*Exercise description*. Lines before the one containing "extrude(amount=BOSS_EXTRUDE1_DEPTH)" in the records below are to be left out; that line and all after it, through the end, are to be retyped exactly.

*Supplied data*.
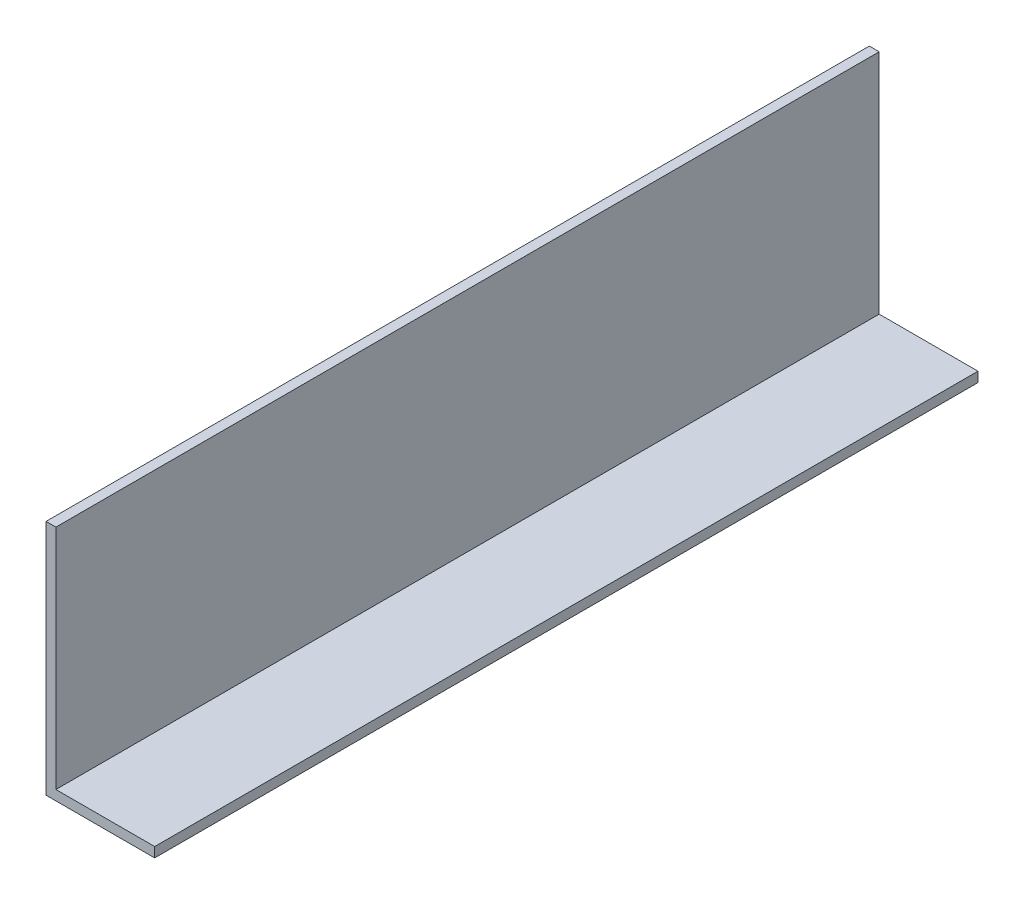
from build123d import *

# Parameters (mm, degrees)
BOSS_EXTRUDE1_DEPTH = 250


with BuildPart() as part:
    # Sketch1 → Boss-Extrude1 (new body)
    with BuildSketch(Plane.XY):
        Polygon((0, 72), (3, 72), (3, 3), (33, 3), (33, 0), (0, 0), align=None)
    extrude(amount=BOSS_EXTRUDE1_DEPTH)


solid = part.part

*Solution below*.
    extrude(amount=BOSS_EXTRUDE1_DEPTH)


solid = part.part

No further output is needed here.